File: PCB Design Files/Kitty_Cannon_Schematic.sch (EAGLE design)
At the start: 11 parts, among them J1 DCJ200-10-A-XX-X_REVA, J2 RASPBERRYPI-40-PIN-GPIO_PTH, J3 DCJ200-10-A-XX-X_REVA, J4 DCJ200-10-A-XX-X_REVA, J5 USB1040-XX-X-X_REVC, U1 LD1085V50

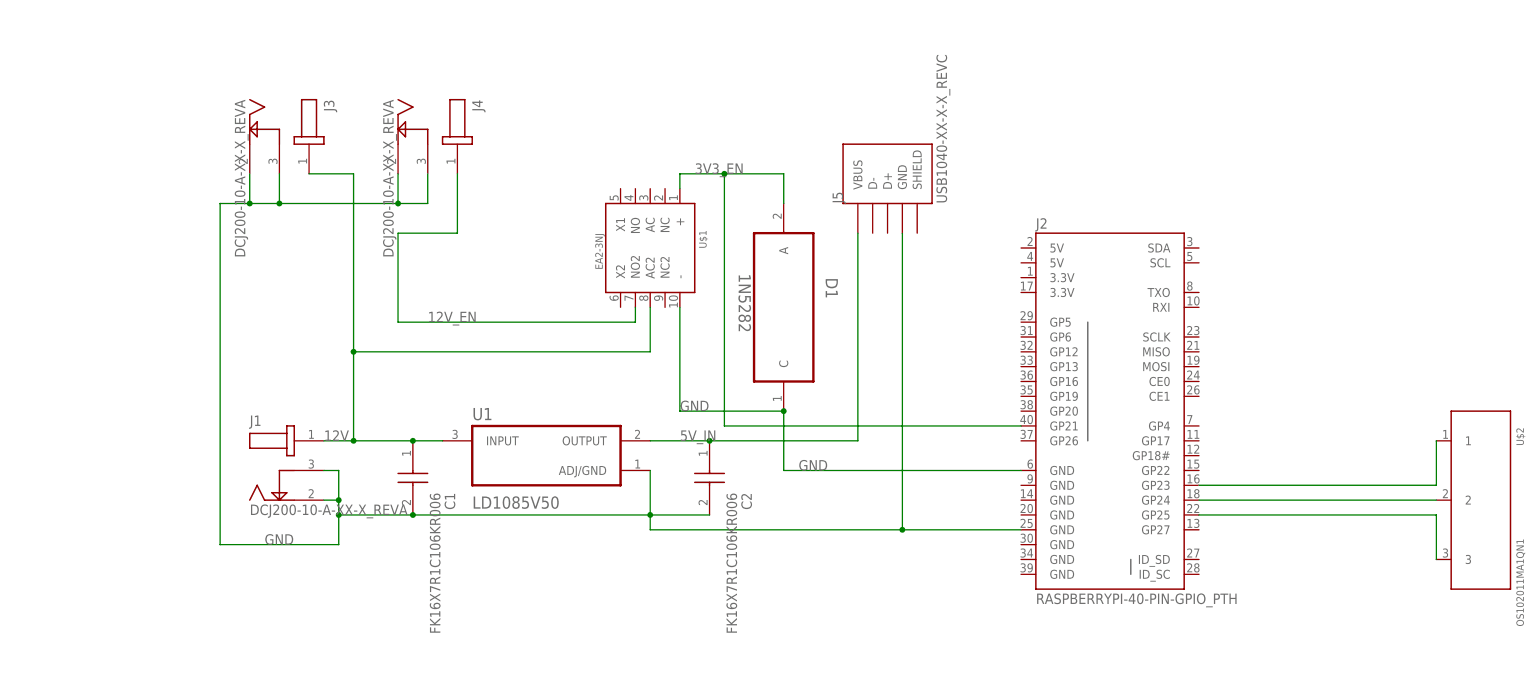
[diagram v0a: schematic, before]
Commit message: Kitty Cannon - update structure
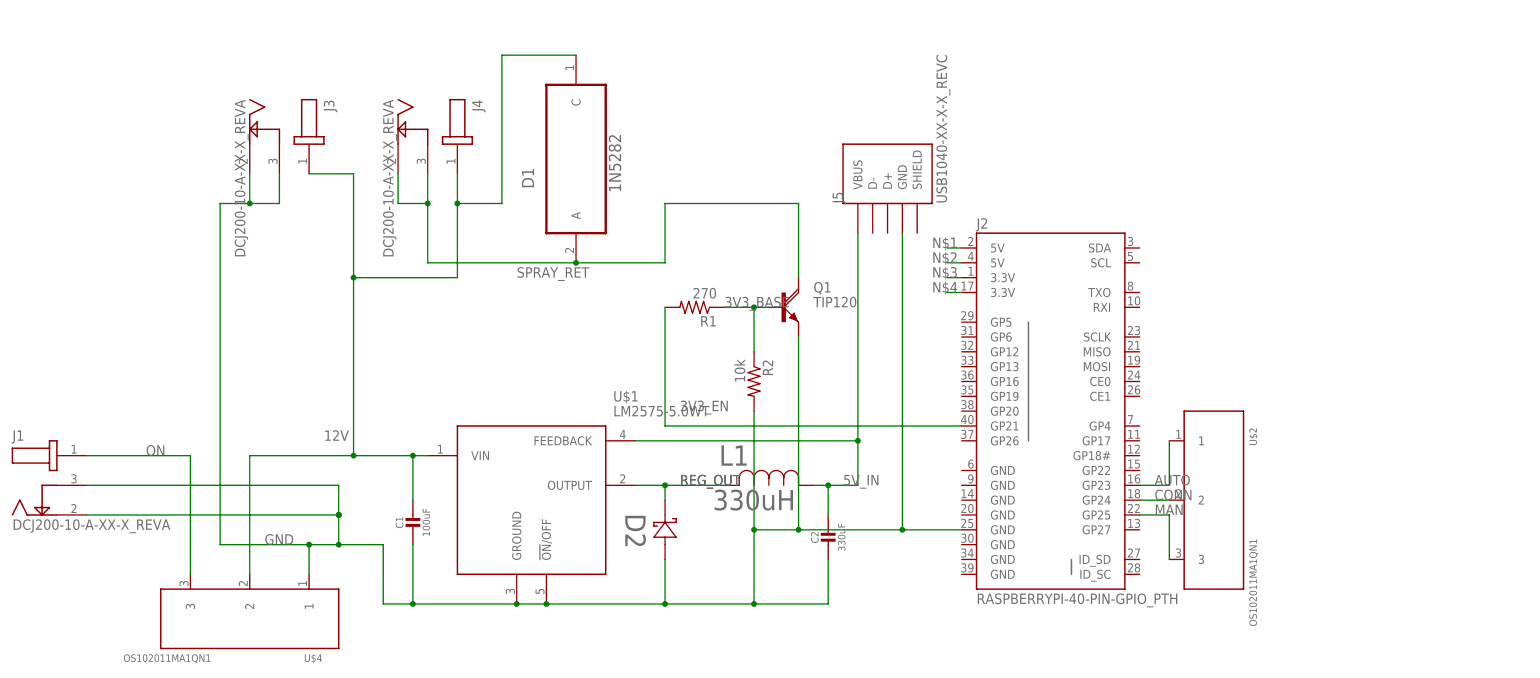
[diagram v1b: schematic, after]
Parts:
- removed U1: LD1085V50, LD1085V50:LD1085V50
- added D2: SB3100E-G, SB3100E-G_Schottky:SB3100E-G
- added L1: 330uH, 1433428C_330uH:1433428C
- added Q1: TIP120, transistor-power:TIP120
- added R1: 270, rcl:R-US_0204/5
- added R2: 10k, rcl:R-US_0204/5
- added U$4: OS102011MA1QN1, C&K:OS102011MA1QN1
- C1: value FK16X7R1C106KR006 -> 100uF; device FK16X7R1C106KR006:FK16X7R1C106KR006 -> 860010372006_100uF:860010372006_100UF
- C2: value FK16X7R1C106KR006 -> 330uF; device FK16X7R1C106KR006:FK16X7R1C106KR006 -> 860010372006_100uF:860010372006_100UF
- U$1: value EA2-3NJ -> LM2575-5.0WT; device Kemet:EA2-3NJ -> LM2575-5.0WT:LM2575-5.0WT
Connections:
- net N$1 renamed MAN
- net N$2 renamed AUTO
- net N$7 renamed CONN
- removed net 12V_EN: J4.1, U$1.NO2
- new net 3V3_BASE: Q1.B, R1.1, R2.1
- new net N$1: J2.5V@2
- new net N$2: J2.5V@4
- new net N$3: J2.3.3V@1
- new net N$4: J2.3.3V@17
- new net ON: J1.1, U$4.3
- new net REG_OUT: D2.1, L1.2, U$1.OUTPUT
- new net SPRAY_RET: D1.A, J4.2, J4.3, Q1.C
- net 12V: now also D1.C, J4.1, U$1.VIN, U$4.2; no longer J1.1, U$1.AC2, U1.INPUT
- net 3V3_EN: now also R1.2; no longer D1.A, U$1.+
- net 5V_IN: now also L1.1, U$1.FEEDBACK; no longer U1.OUTPUT
- net GND: now also D2.2, Q1.E, R2.2, U$1.!ON!/OFF, U$1.GROUND, U$4.1; no longer D1.C, J2.GND@6, J4.2, J4.3, U$1.-, U1.ADJ/GND
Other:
- moved on the sheet: D1, J1, J2, U$2

- Problem to solve
All that is needed is an exact copy of the lines from the top of the entries through the line containing "- removed U1: LD1085V50, LD1085V50:LD1085V50", pictures left out.

- Expected answer
File: PCB Design Files/Kitty_Cannon_Schematic.sch (EAGLE design)
At the start: 11 parts, among them J1 DCJ200-10-A-XX-X_REVA, J2 RASPBERRYPI-40-PIN-GPIO_PTH, J3 DCJ200-10-A-XX-X_REVA, J4 DCJ200-10-A-XX-X_REVA, J5 USB1040-XX-X-X_REVC, U1 LD1085V50

[diagram v0a: schematic, before]
Commit message: Kitty Cannon - update structure
[diagram v1b: schematic, after]
Parts:
- removed U1: LD1085V50, LD1085V50:LD1085V50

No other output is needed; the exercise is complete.